Description of the task: Your task is to find every line of the data that holds the string "OBJECT" and copy it.

Records for the task:
BEGIN
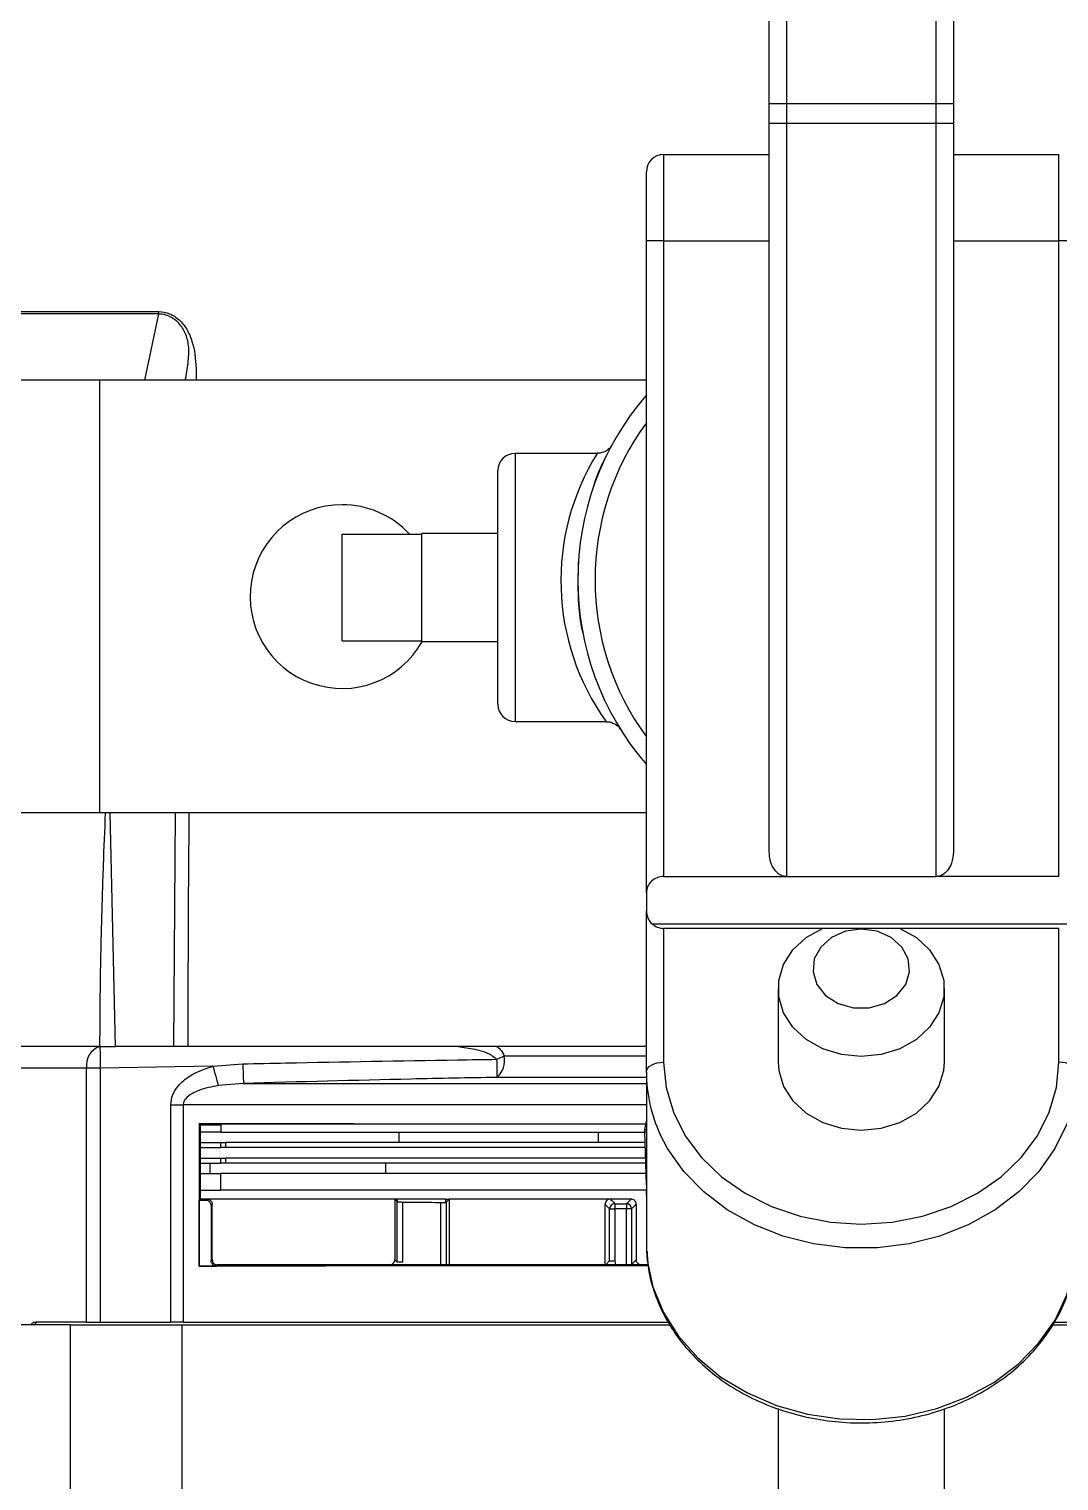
# Model space of a CAD drawing. Extents: x 16.7 to 113.1, y 4.5 to 84.5.
# Drawn here: x 51.555 to 54.531, y 68.255 to 72.45 of the extents above; entities that cross this region are included whole.
import ezdxf

# ---------------------------------------------------------------- set-up
doc = ezdxf.new("R2010")
doc.units = 0
doc.header["$MEASUREMENT"] = 0
doc.layers.add('OBJECT', color=7, linetype='CONTINUOUS')

msp = doc.modelspace()

# ---------------------------------------------------------------- linework, layer by layer
at = {"layer": 'OBJECT'}
for p, q in [((53.7437, 72.9849), (53.7437, 72.2349)), ((54.1757, 72.2349), (54.1757, 72.9849)), ((53.6937, 72.2349), (53.6937, 72.9349)), ((54.2257, 72.9349), (54.2257, 72.2349)), ((53.6937, 72.2349), (53.7437, 72.2349)), ((53.6937, 72.1782), (53.6937, 72.2349)), ((53.7437, 72.2349), (54.1757, 72.2349)), ((53.7437, 72.2349), (53.7437, 72.1782)), ((54.1757, 72.1782), (54.1757, 72.2349)), ((54.1757, 72.2349), (54.2257, 72.2349)), ((54.2257, 72.2349), (54.2257, 72.1782)), ((53.6937, 70.0731), (53.6937, 72.1782)), ((53.6937, 72.1782), (53.7437, 72.1782)), ((53.7437, 72.1782), (53.7437, 70.0016)), ((53.7437, 72.1782), (54.1757, 72.1782)), ((54.1757, 70.0016), (54.1757, 72.1782)), ((54.1757, 72.1782), (54.2257, 72.1782)), ((54.2257, 72.1782), (54.2257, 70.0731)), ((53.3887, 72.0879), (53.3887, 71.8379)), ((53.3887, 72.0879), (53.6937, 72.0879)), ((54.2257, 72.0879), (54.5307, 72.0879)), ((54.5307, 71.8379), (54.5307, 72.0879)), ((53.3387, 71.8379), (53.3387, 72.0379)), ((53.3887, 71.8379), (53.3387, 71.8379)), ((53.3387, 69.9546), (53.3387, 71.8379)), ((53.3887, 71.8379), (53.3887, 70.0016)), ((53.3887, 71.8379), (53.6937, 71.8379)), ((54.2257, 71.8379), (54.5307, 71.8379)), ((54.5307, 70.0016), (54.5307, 71.8379)), ((54.5807, 71.8379), (54.5307, 71.8379)), ((51.9295, 71.6269), (51.8891, 71.4354)), ((51.9295, 71.6269), (51.93, 71.6339)), ((51.7597, 71.4354), (50.0717, 71.4354)), ((51.7597, 70.1854), (51.7597, 71.4354)), ((53.3387, 71.4354), (51.7597, 71.4354)), ((53.1964, 71.2242), (52.9597, 71.2242)), ((52.9597, 71.2242), (52.9597, 70.4492)), ((52.9097, 70.4992), (52.9097, 71.1742)), ((52.4597, 70.6827), (52.4597, 70.9907)), ((52.4597, 70.9907), (52.6897, 70.9907)), ((52.9097, 70.9927), (52.6897, 70.9927)), ((52.6897, 70.9907), (52.6897, 70.9927)), ((52.6897, 70.8616), (52.6897, 70.9907)), ((52.6897, 70.8118), (52.6897, 70.8616)), ((52.6897, 70.6827), (52.6897, 70.8118)), ((52.4597, 70.6827), (52.6897, 70.6827)), ((52.6897, 70.6807), (52.6897, 70.6827)), ((52.6897, 70.6807), (52.9097, 70.6807)), ((52.9597, 70.4492), (53.2214, 70.4492)), ((51.7597, 70.1854), (50.0717, 70.1854)), ((53.3387, 70.1854), (51.7597, 70.1854)), ((51.8048, 69.5104), (51.7899, 70.1854)), ((51.9772, 70.1854), (51.9725, 69.5104)), ((53.3887, 70.0016), (53.7437, 70.0016)), ((53.7437, 70.0016), (54.1757, 70.0016)), ((54.5307, 70.0016), (54.1757, 70.0016)), ((53.3387, 69.9546), (53.3387, 69.9019)), ((53.3387, 69.4364), (53.3387, 69.9019)), ((53.3545, 69.8654), (54.5649, 69.8654)), ((54.5307, 69.8519), (53.3887, 69.8519)), ((53.3887, 69.8519), (53.3887, 69.4651)), ((54.5307, 69.4651), (54.5307, 69.8519)), ((53.7197, 69.6779), (53.7197, 69.4651)), ((54.1997, 69.4651), (54.1997, 69.6779)), ((51.7603, 69.5104), (51.2371, 69.5104)), ((51.9725, 69.5104), (51.8048, 69.5104)), ((53.3387, 69.5104), (52.0142, 69.5104)), ((52.9281, 69.4834), (53.3387, 69.4834)), ((51.7217, 69.4484), (51.2598, 69.4484)), ((51.7612, 69.4484), (51.7217, 69.4484)), ((51.7217, 68.7145), (51.7217, 69.4484)), ((52.0868, 69.4536), (51.7612, 69.4484)), ((51.7612, 69.4484), (51.7612, 68.7145)), ((52.0868, 69.4536), (52.1731, 69.4604)), ((53.3387, 69.4214), (52.9073, 69.4214)), ((53.3387, 69.4364), (53.3387, 69.3108)), ((52.1748, 69.404), (52.1019, 69.3978)), ((52.1748, 69.404), (53.3387, 69.404)), ((51.9646, 69.3421), (52.0008, 69.3421)), ((51.9646, 68.7145), (51.9646, 69.3421)), ((52.0008, 69.3421), (52.0008, 68.7145)), ((53.3387, 69.3421), (52.0008, 69.3421)), ((53.3387, 69.3108), (53.3387, 68.9409)), ((52.0464, 69.2879), (52.0497, 69.2845)), ((52.0464, 69.2879), (52.0464, 68.8762)), ((52.0493, 69.2845), (52.0497, 69.2845)), ((52.0493, 69.2845), (52.0493, 69.0695)), ((52.1097, 69.2633), (52.0493, 69.2633)), ((52.0497, 69.2845), (52.1097, 69.2845)), ((52.1097, 69.2873), (53.3373, 69.2873)), ((52.1097, 69.2873), (52.1097, 69.2633)), ((52.1097, 69.2633), (53.3347, 69.2633)), ((52.6249, 69.2333), (52.6249, 69.2633)), ((53.2005, 69.2333), (53.2005, 69.2633)), ((53.3347, 69.2704), (53.3387, 69.2935)), ((53.3347, 69.2648), (53.3347, 69.27)), ((53.3387, 69.2633), (53.3347, 69.2633)), ((53.3387, 69.1105), (53.3348, 69.2617)), ((52.0493, 69.2333), (52.1097, 69.2333)), ((52.0493, 69.2184), (52.1097, 69.2184)), ((52.1097, 69.2184), (52.1097, 69.2333)), ((52.1097, 69.2333), (52.1234, 69.2333)), ((52.1234, 69.2184), (52.1097, 69.2184)), ((52.1234, 69.2333), (52.1234, 69.2184)), ((53.3351, 69.2333), (52.1234, 69.2333)), ((53.3359, 69.2184), (52.1234, 69.2184)), ((52.0493, 69.1884), (52.1097, 69.1884)), ((52.0493, 69.1735), (52.1097, 69.1735)), ((52.0783, 69.1435), (52.0783, 69.1735)), ((52.1097, 69.1735), (52.1097, 69.1884)), ((52.1097, 69.1884), (52.1234, 69.1884)), ((52.1234, 69.1735), (52.1097, 69.1735)), ((52.1234, 69.1884), (52.1234, 69.1735)), ((53.3355, 69.1884), (52.1234, 69.1884)), ((53.3359, 69.1735), (52.1234, 69.1735)), ((52.5866, 69.1435), (52.5866, 69.1735)), ((52.0493, 69.1435), (52.1097, 69.1435)), ((52.1097, 69.0955), (52.1097, 69.1435)), ((53.3367, 69.1435), (52.1097, 69.1435)), ((52.0493, 69.0955), (52.1097, 69.0955)), ((53.3379, 69.0955), (52.1097, 69.0955)), ((53.3379, 69.0955), (53.3387, 69.0656)), ((52.0465, 68.8762), (52.0465, 69.0662)), ((52.0497, 69.0695), (52.0493, 69.0695)), ((52.0497, 69.0695), (52.0497, 69.0695)), ((52.0497, 69.0695), (52.0508, 69.0695)), ((52.0697, 69.0695), (52.0508, 69.0695)), ((52.0665, 69.0662), (52.0697, 69.0695)), ((52.0697, 69.0695), (52.0697, 69.0695)), ((52.0847, 69.0695), (52.0697, 69.0695)), ((52.0697, 69.0695), (52.0697, 69.0695)), ((52.0847, 69.0542), (52.0815, 69.051)), ((52.0815, 69.051), (52.0815, 68.8915)), ((52.6118, 69.0695), (52.0847, 69.0695)), ((52.0847, 69.0542), (52.0847, 69.0548)), ((52.0847, 69.0548), (52.0847, 69.0548)), ((52.0847, 68.8948), (52.0847, 69.0542)), ((52.6118, 69.0695), (52.6118, 68.8947)), ((52.6197, 69.0695), (52.6118, 69.0695)), ((52.6193, 68.8871), (52.6193, 69.0619)), ((52.6193, 69.0619), (52.6196, 69.0618)), ((52.6196, 69.0618), (52.6197, 69.0695)), ((52.7597, 69.0695), (52.6197, 69.0695)), ((52.6343, 69.0613), (52.6343, 68.8871)), ((52.7451, 68.8795), (52.7451, 69.0601)), ((52.7596, 69.0602), (52.7597, 69.0695)), ((52.7596, 69.0602), (52.7601, 69.0603)), ((52.7597, 69.0695), (52.7694, 69.0695)), ((52.7601, 69.0603), (52.7601, 68.8795)), ((53.2197, 69.0695), (52.7694, 69.0695)), ((52.7694, 69.0695), (52.7694, 68.8795)), ((53.2347, 69.0695), (53.2197, 69.0695)), ((53.2197, 68.8795), (53.2197, 69.0544)), ((53.2947, 69.0695), (53.2947, 69.0695)), ((53.3097, 69.0546), (53.2962, 69.0412)), ((53.3097, 69.0544), (53.3097, 69.0546)), ((53.3097, 69.0544), (53.3097, 68.8946)), ((53.2327, 69.0414), (53.2477, 69.0414)), ((53.2327, 68.891), (53.2327, 69.0414)), ((53.2813, 69.0412), (53.2477, 69.0414)), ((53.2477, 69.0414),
END
Your response:
doc.layers.add('OBJECT', color=7, linetype='CONTINUOUS')
at = {"layer": 'OBJECT'}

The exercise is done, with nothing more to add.